Po niedawnej premierze tak zwanego czterodrzwiowego coupe przyszedł czas na kolejną, tym razem bardziej uniwersalną odmianę nadwoziową modelu CLA. Oto Mercedes CLA Shooting Brake.
Gama kompaktowych Mercedesów właśnie wzbogaciła się o kolejny model. Oznacza to, że nabywcy mogą teraz wybierać pomiędzy: klasycznym, 5-drzwiowym hatchbackiem (klasą A), czterodrzwiowym sedanem (klasą A Limuzyna), usportowionym sedanem (CLA) oraz uniwersalnym wariantem tego ostatniego (CLA Shooting Brake). Celowo nie piszemy o nim „kombi”, ponieważ nadwozie typu Shooting Brake stanowi pomost pomiędzy klasycznymi „kombiakami” a modelami typu coupe.

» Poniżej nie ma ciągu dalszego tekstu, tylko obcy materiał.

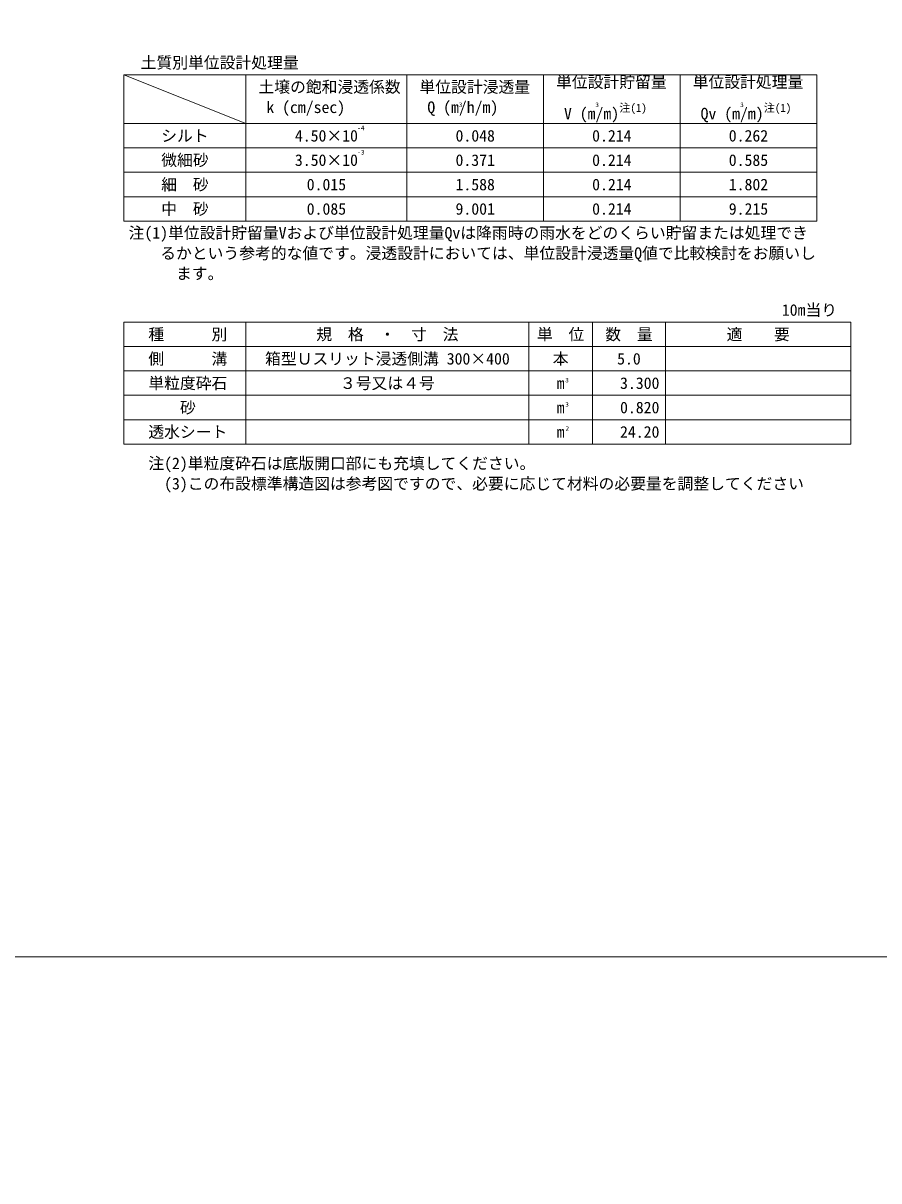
# Model space of a CAD drawing. Units: millimetres at full size, sheet at 1:20; details may follow other scales. Extents: x 0 to 23340, y -4498 to 8520.
# Drawn here: x 1754 to 3507, y 2381 to 4755 of the extents above; entities that cross this region are included whole.
import ezdxf
from ezdxf.enums import TextEntityAlignment as Align

# ---------------------------------------------------------------- set-up
doc = ezdxf.new("R2010")
doc.units = ezdxf.units.MM
doc.header["$LTSCALE"] = 20
doc.layers.add('0_2', color=7, linetype='Continuous', lineweight=13)
doc.layers.add('TITLE', color=7, linetype='Continuous', lineweight=13)
doc.styles.add('ＭＳ ゴシック', font='')
doc.styles.get('ＭＳ ゴシック').set_extended_font_data('MS Gothic')

msp = doc.modelspace()

# ---------------------------------------------------------------- linework, layer by layer
at = {"layer": 'TITLE'}
for p, q in [((2210.24, 4548.85), (1960.24, 4648.85)), ((2210.24, 4648.85), (2210.24, 4348.85)), ((2540.24, 4648.85), (2540.24, 4348.85)), ((2820.24, 4648.85), (2820.24, 4348.85)), ((3100.24, 4648.85), (3100.24, 4348.85)), ((1960.24, 4548.85), (3380.24, 4548.85)), ((1960.24, 4498.85), (3380.24, 4498.85)), ((1960.24, 4448.85), (3380.24, 4448.85)), ((1960.24, 4398.85), (3380.24, 4398.85)), ((2210.24, 4141.63), (2210.24, 3891.63)), ((2790.24, 4141.63), (2790.24, 3891.63)), ((2920.24, 4141.63), (2920.24, 3891.63)), ((3070.24, 4141.63), (3070.24, 3891.63)), ((1960.24, 4091.63), (3450.18, 4091.63)), ((1960.24, 4041.63), (3450.18, 4041.63)), ((1960.24, 3991.63), (3450.18, 3991.63)), ((1960.24, 3941.63), (3450.18, 3941.63))]:
    msp.add_line(p, q, dxfattribs=at)
at = {"layer": 'TITLE', "color": 2}
for points in [[(0, 2840), (3890, 2840), (3890, 5680), (0, 5680)], [(0, 0), (3890, 0), (3890, 2840), (0, 2840)]]:
    msp.add_lwpolyline(points, close=True, dxfattribs=at)
at = {"layer": 'TITLE'}
for points in [[(1960.24, 4648.85), (3380.24, 4648.85), (3380.24, 4348.85), (1960.24, 4348.85)], [(1960.24, 4141.63), (3450.18, 4141.63), (3450.18, 3891.63), (1960.24, 3891.63)]]:
    msp.add_lwpolyline(points, close=True, dxfattribs=at)

# ---------------------------------------------------------------- texts
at = {"layer": '0_2', "style": 'ＭＳ ゴシック'}
for s, p in [('注(1)単位設計貯留量Vおよび単位設計処理量Qvは降雨時の雨水をどのくらい貯留または処理でき', (1969.84, 4336.66)), ('\u3000\u3000るかという参考的な値です。浸透設計においては、単位設計浸透量Q値で比較検討をお願いし', (1969.84, 4294.99)), ('\u3000\u3000\u3000ます。', (1969.84, 4253.32))]:
    msp.add_text(s, height=23.74, dxfattribs=at).set_placement(p, align=Align.TOP_LEFT)
at = {"layer": 'TITLE', "style": 'ＭＳ ゴシック'}
for s, p in [('土質別単位設計処理量', (1994.56, 4673.85)), ('種\u3000\u3000\u3000別', (2010.24, 4116.63)), ('側\u3000\u3000\u3000溝', (2010.24, 4066.63)), ('単粒度砕石', (2010.24, 4016.63)), ('透水シート', (2010.24, 3916.63))]:
    msp.add_text(s, height=23.74, dxfattribs=at).set_placement(p, align=Align.MIDDLE_LEFT)
for s, p in [('土壌の飽和浸透係数', (2235.96, 4635.87)), ('単位設計浸透量', (2565.96, 4635.87)), (' k (cm/sec)', (2235.96, 4594.2)), (' Q (m/h/m)', (2565.96, 4594.2)), ('注(2)単粒度砕石は底版開口部にも充填してください。', (2010.24, 3864.09)), ('\u3000(3)この布設標準構造図は参考図ですので、必要に応じて材料の必要量を調整してください', (2010.24, 3822.43))]:
    msp.add_text(s, height=23.74, dxfattribs=at).set_placement(p, align=Align.TOP_LEFT)
for s, height, p in [('単位設計貯留量', 23.74, (2845.96, 4615.11)), ('単位設計処理量', 23.74, (3125.96, 4615.11)), (' V (m/m)', 23.74, (2845.96, 4550.21)), ('注(1)', 16.61, (2975.46, 4567.71)), (' Qv (m/m)', 23.74, (3125.96, 4550.21)), ('注(1)', 16.61, (3271.64, 4567.71)), ('2', 9.49, (2865.31, 3916.05))]:
    msp.add_text(s, height=height, dxfattribs=at).set_placement(p, align=Align.BOTTOM_LEFT)
for s, height, p in [('3', 9.49, (2650.06, 4587.33)), ('3', 9.49, (2930.06, 4587.33)), ('3', 9.49, (3226.99, 4587.33)), ('シルト', 23.74, (2085.24, 4523.85)), ('4.50×10', 23.74, (2375.24, 4523.85)), ('-4', 9.494, (2445.85, 4540.02)), ('0.048', 23.74, (2680.24, 4523.85)), ('0.214', 23.74, (2960.24, 4523.85)), ('0.262', 23.74, (3240.24, 4523.85)), ('微細砂', 23.74, (2085.24, 4473.85)), ('-3', 9.494, (2445.85, 4490.02)), ('3.50×10', 23.74, (2375.24, 4473.85)), ('0.371', 23.74, (2680.24, 4473.85)), ('0.214', 23.74, (2960.24, 4473.85)), ('0.585', 23.74, (3240.24, 4473.85)), ('細\u3000砂', 23.74, (2085.24, 4423.85)), ('0.015', 23.74, (2375.24, 4423.85)), ('1.588', 23.74, (2680.24, 4423.85)), ('0.214', 23.74, (2960.24, 4423.85)), ('1.802', 23.74, (3240.24, 4423.85)), ('中\u3000砂', 23.74, (2085.24, 4373.85)), ('0.085', 23.74, (2375.24, 4373.85)), ('9.001', 23.74, (2680.24, 4373.85)), ('0.214', 23.74, (2960.24, 4373.85)), ('9.215', 23.74, (3240.24, 4373.85)), ('10m当り', 23.74, (3365.2, 4166.63)), ('規\u3000格\u3000・\u3000寸\u3000法', 23.74, (2500.24, 4116.63)), ('単\u3000位', 23.74, (2855.24, 4116.63)), ('数\u3000量', 23.74, (2995.24, 4116.63)), ('適\u3000\u3000要', 23.74, (3260.21, 4116.63)), ('箱型Ｕスリット浸透側溝 300×400', 23.74, (2500.24, 4066.63)), ('本', 23.74, (2855.24, 4066.63)), ('5.0', 23.74, (2995.24, 4066.63)), ('３号又は４号', 23.74, (2500.24, 4016.63)), ('m', 23.74, (2855.24, 4016.63)), ('3', 9.49, (2868.45, 4022.87)), ('砂', 23.74, (2091.25, 3966.63)), ('m', 23.74, (2855.24, 3966.63)), ('3', 9.49, (2868.45, 3972.87)), ('m', 23.74, (2855.24, 3916.63))]:
    msp.add_text(s, height=height, dxfattribs=at).set_placement(p, align=Align.MIDDLE_CENTER)
for s, p in [('3.300', (3057.77, 4016.63)), ('0.820', (3057.77, 3966.63)), ('24.20', (3057.77, 3916.63))]:
    msp.add_text(s, height=23.74, dxfattribs=at).set_placement(p, align=Align.MIDDLE_RIGHT)

doc.saveas('drawing.dxf')

Mercedes CLA Shooting Brake – wymiary
Nowy CLA Shooting Brake na długość mierzy o 48 mm (4688 mm) więcej niż poprzednik, jest o 53 mm szersze (1830 mm) i tylko o 2 mm niższe (1442 mm). Za to o 30 mm wzrósł rozstaw osi (do 2729 mm), co pozwala spodziewać się bardziej przestronnej niż do tej pory kabiny. Tym bardziej że poprzednik ilością miejsca dla pasażerów kanapy zdecydowanie nie rozpieszczał. Względem CLA nowy wariant wyróżnia się gorszym współczynnikiem oporu powietrza wynoszącym 0,26, czyli o 0,03 wyższym. Mimo wszystko to naprawdę godny uznania wynik.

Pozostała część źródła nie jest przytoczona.